*Task item:* Both the line containing "#31=EDGE_CURVE('E18',#30,#30,#28,.T.);" and the line containing "#45=CIRCLE('',#44,0.500000000000001);" belong to the span. Output exactly that span from the listing below, and nothing outside it.

*** Provided information ***

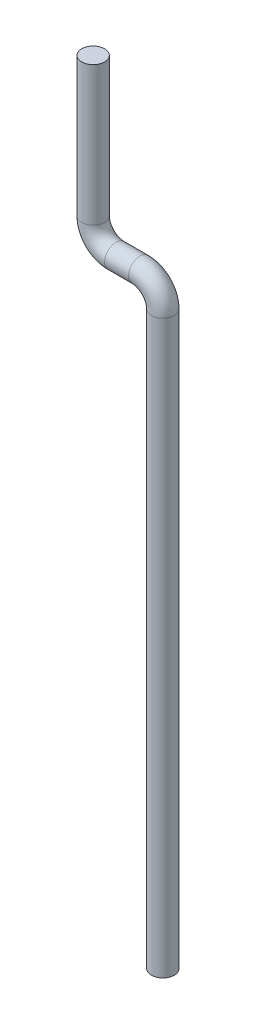
ISO-10303-21;
HEADER;
FILE_DESCRIPTION(('STEP AP214'),'2;1');
FILE_NAME('part.step','',(''),(''),'','','');
FILE_SCHEMA(('AUTOMOTIVE_DESIGN { 1 0 10303 214 1 1 1 1 }'));
ENDSEC;
DATA;
#1=APPLICATION_CONTEXT('core data for automotive mechanical design processes');
#2=APPLICATION_PROTOCOL_DEFINITION('international standard','automotive_design',2000,#1);
#3=PRODUCT_CONTEXT('',#1,'mechanical');
#4=PRODUCT('Part','Part','',(#3));
#5=PRODUCT_RELATED_PRODUCT_CATEGORY('part','',(#4));
#6=PRODUCT_DEFINITION_FORMATION('','',#4);
#7=PRODUCT_DEFINITION_CONTEXT('part definition',#1,'design');
#8=PRODUCT_DEFINITION('design','',#6,#7);
#9=PRODUCT_DEFINITION_SHAPE('','',#8);
#10=(LENGTH_UNIT() NAMED_UNIT(*) SI_UNIT(.MILLI.,.METRE.));
#11=(NAMED_UNIT(*) PLANE_ANGLE_UNIT() SI_UNIT($,.RADIAN.));
#12=(NAMED_UNIT(*) SI_UNIT($,.STERADIAN.) SOLID_ANGLE_UNIT());
#13=UNCERTAINTY_MEASURE_WITH_UNIT(LENGTH_MEASURE(1.E-05),#10,'distance_accuracy_value','');
#14=(GEOMETRIC_REPRESENTATION_CONTEXT(3) GLOBAL_UNCERTAINTY_ASSIGNED_CONTEXT((#13)) GLOBAL_UNIT_ASSIGNED_CONTEXT((#10,
#11,#12)) REPRESENTATION_CONTEXT('',''));
#15=CARTESIAN_POINT('',(0.,0.,0.));
#16=DIRECTION('',(0.,0.,1.));
#17=DIRECTION('',(1.,0.,0.));
#18=AXIS2_PLACEMENT_3D('',#15,#16,#17);
#19=CARTESIAN_POINT('',(1.76489393493551,-4.,0.));
#20=DIRECTION('',(0.,-1.,0.));
#21=DIRECTION('',(0.,0.,-1.));
#22=AXIS2_PLACEMENT_3D('',#19,#20,#21);
#23=PLANE('',#22);
#24=CARTESIAN_POINT('',(1.76489393493551,-4.,0.));
#25=DIRECTION('',(0.,-1.,0.));
#26=DIRECTION('',(1.,0.,0.));
#27=AXIS2_PLACEMENT_3D('',#24,#25,#26);
#28=CIRCLE('',#27,0.500000000000001);
#29=CARTESIAN_POINT('',(2.26489393493551,-4.,0.));
#30=VERTEX_POINT('',#29);
#31=EDGE_CURVE('E18',#30,#30,#28,.T.);
#32=ORIENTED_EDGE('',*,*,#31,.F.);
#33=EDGE_LOOP('',(#32));
#34=FACE_BOUND('',#33,.T.);
#35=ADVANCED_FACE('F15',(#34),#23,.F.);
#36=CARTESIAN_POINT('',(1.76489393493551,-10.0782956818485,0.));
#37=DIRECTION('',(0.,-1.,0.));
#38=DIRECTION('',(1.,0.,0.));
#39=AXIS2_PLACEMENT_3D('',#36,#37,#38);
#40=CYLINDRICAL_SURFACE('',#39,0.500000000000001);
#41=CARTESIAN_POINT('',(1.76489393493551,-10.0782956818485,0.));
#42=DIRECTION('',(0.,-1.,0.));
#43=DIRECTION('',(-1.,0.,0.));
#44=AXIS2_PLACEMENT_3D('',#41,#42,#43);
#45=CIRCLE('',#44,0.500000000000001);
#46=CARTESIAN_POINT('',(1.26489393493551,-10.0782956818485,0.));
#47=VERTEX_POINT('',#46);
#48=EDGE_CURVE('E29',#47,#47,#45,.T.);
#49=ORIENTED_EDGE('',*,*,#48,.F.);
#50=EDGE_LOOP('',(#49));
#51=FACE_BOUND('',#50,.T.);
#52=ORIENTED_EDGE('',*,*,#31,.T.);
#53=EDGE_LOOP('',(#52));
#54=FACE_BOUND('',#53,.T.);
#55=ADVANCED_FACE('F43',(#51,#54),#40,.T.);
#56=CARTESIAN_POINT('',(2.76489393493551,-10.0782956818485,0.));
#57=DIRECTION('',(0.,0.,1.));
#58=DIRECTION('',(1.,0.,0.));
#59=AXIS2_PLACEMENT_3D('',#56,#57,#58);
#60=TOROIDAL_SURFACE('',#59,1.,0.500000000000001);
#61=ORIENTED_EDGE('',*,*,#48,.T.);
#62=EDGE_LOOP('',(#61));
#63=FACE_BOUND('',#62,.T.);
#64=CARTESIAN_POINT('',(2.76489393493551,-11.0782956818485,0.));
#65=DIRECTION('',(-1.,0.,0.));
#66=DIRECTION('',(0.,0.,1.));
#67=AXIS2_PLACEMENT_3D('',#64,#65,#66);
#68=CIRCLE('',#67,0.500000000000001);
#69=CARTESIAN_POINT('',(2.76489393493551,-11.0782956818485,0.500000000000001));
#70=VERTEX_POINT('',#69);
#71=EDGE_CURVE('E32',#70,#70,#68,.F.);
#72=ORIENTED_EDGE('',*,*,#71,.F.);
#73=EDGE_LOOP('',(#72));
#74=FACE_BOUND('',#73,.T.);
#75=ADVANCED_FACE('F39',(#63,#74),#60,.T.);
#76=CARTESIAN_POINT('',(2.76489393493551,-11.0782956818485,0.));
#77=DIRECTION('',(-1.,0.,0.));
#78=DIRECTION('',(0.,0.,1.));
#79=AXIS2_PLACEMENT_3D('',#76,#77,#78);
#80=CYLINDRICAL_SURFACE('',#79,0.500000000000001);
#81=CARTESIAN_POINT('',(3.81147164826661,-11.0782956818485,0.));
#82=DIRECTION('',(1.,0.,0.));
#83=DIRECTION('',(0.,1.,0.));
#84=AXIS2_PLACEMENT_3D('',#81,#82,#83);
#85=CIRCLE('',#84,0.500000000000001);
#86=CARTESIAN_POINT('',(3.81147164826661,-10.5782956818485,0.));
#87=VERTEX_POINT('',#86);
#88=EDGE_CURVE('E26',#87,#87,#85,.T.);
#89=ORIENTED_EDGE('',*,*,#88,.F.);
#90=EDGE_LOOP('',(#89));
#91=FACE_BOUND('',#90,.T.);
#92=ORIENTED_EDGE('',*,*,#71,.T.);
#93=EDGE_LOOP('',(#92));
#94=FACE_BOUND('',#93,.T.);
#95=ADVANCED_FACE('F42',(#91,#94),#80,.T.);
#96=CARTESIAN_POINT('',(3.81147164826661,-12.0782956818485,0.));
#97=DIRECTION('',(0.,0.,-1.));
#98=DIRECTION('',(-1.,0.,0.));
#99=AXIS2_PLACEMENT_3D('',#96,#97,#98);
#100=TOROIDAL_SURFACE('',#99,1.,0.500000000000001);
#101=ORIENTED_EDGE('',*,*,#88,.T.);
#102=EDGE_LOOP('',(#101));
#103=FACE_BOUND('',#102,.T.);
#104=CARTESIAN_POINT('',(4.81147164826661,-12.0782956818485,0.));
#105=DIRECTION('',(0.,1.,0.));
#106=DIRECTION('',(-1.,0.,0.));
#107=AXIS2_PLACEMENT_3D('',#104,#105,#106);
#108=CIRCLE('',#107,0.500000000000001);
#109=CARTESIAN_POINT('',(4.31147164826661,-12.0782956818485,0.));
#110=VERTEX_POINT('',#109);
#111=EDGE_CURVE('E22',#110,#110,#108,.F.);
#112=ORIENTED_EDGE('',*,*,#111,.F.);
#113=EDGE_LOOP('',(#112));
#114=FACE_BOUND('',#113,.T.);
#115=ADVANCED_FACE('F62',(#103,#114),#100,.T.);
#116=CARTESIAN_POINT('',(4.81147164826661,-37.0612,0.));
#117=DIRECTION('',(0.,-1.,0.));
#118=DIRECTION('',(0.,0.,-1.));
#119=AXIS2_PLACEMENT_3D('',#116,#117,#118);
#120=PLANE('',#119);
#121=CARTESIAN_POINT('',(4.81147164826661,-37.0612,0.));
#122=DIRECTION('',(0.,1.,0.));
#123=DIRECTION('',(-1.,0.,0.));
#124=AXIS2_PLACEMENT_3D('',#121,#122,#123);
#125=CIRCLE('',#124,0.500000000000001);
#126=CARTESIAN_POINT('',(4.31147164826661,-37.0612,0.));
#127=VERTEX_POINT('',#126);
#128=EDGE_CURVE('E10',#127,#127,#125,.T.);
#129=ORIENTED_EDGE('',*,*,#128,.F.);
#130=EDGE_LOOP('',(#129));
#131=FACE_BOUND('',#130,.T.);
#132=ADVANCED_FACE('F57',(#131),#120,.T.);
#133=CARTESIAN_POINT('',(4.81147164826661,-12.0782956818485,0.));
#134=DIRECTION('',(0.,1.,0.));
#135=DIRECTION('',(-1.,0.,0.));
#136=AXIS2_PLACEMENT_3D('',#133,#134,#135);
#137=CYLINDRICAL_SURFACE('',#136,0.500000000000001);
#138=ORIENTED_EDGE('',*,*,#128,.T.);
#139=EDGE_LOOP('',(#138));
#140=FACE_BOUND('',#139,.T.);
#141=ORIENTED_EDGE('',*,*,#111,.T.);
#142=EDGE_LOOP('',(#141));
#143=FACE_BOUND('',#142,.T.);
#144=ADVANCED_FACE('F55',(#140,#143),#137,.T.);
#145=CLOSED_SHELL('',(#35,#55,#75,#95,#115,#132,#144));
#146=MANIFOLD_SOLID_BREP('B1',#145);
#147=ADVANCED_BREP_SHAPE_REPRESENTATION('',(#18,#146),#14);
#148=SHAPE_DEFINITION_REPRESENTATION(#9,#147);
ENDSEC;
END-ISO-10303-21;

*** End of Provided information ***

*Solution to this task:*
#31=EDGE_CURVE('E18',#30,#30,#28,.T.);
#32=ORIENTED_EDGE('',*,*,#31,.F.);
#33=EDGE_LOOP('',(#32));
#34=FACE_BOUND('',#33,.T.);
#35=ADVANCED_FACE('F15',(#34),#23,.F.);
#36=CARTESIAN_POINT('',(1.76489393493551,-10.0782956818485,0.));
#37=DIRECTION('',(0.,-1.,0.));
#38=DIRECTION('',(1.,0.,0.));
#39=AXIS2_PLACEMENT_3D('',#36,#37,#38);
#40=CYLINDRICAL_SURFACE('',#39,0.500000000000001);
#41=CARTESIAN_POINT('',(1.76489393493551,-10.0782956818485,0.));
#42=DIRECTION('',(0.,-1.,0.));
#43=DIRECTION('',(-1.,0.,0.));
#44=AXIS2_PLACEMENT_3D('',#41,#42,#43);
#45=CIRCLE('',#44,0.500000000000001);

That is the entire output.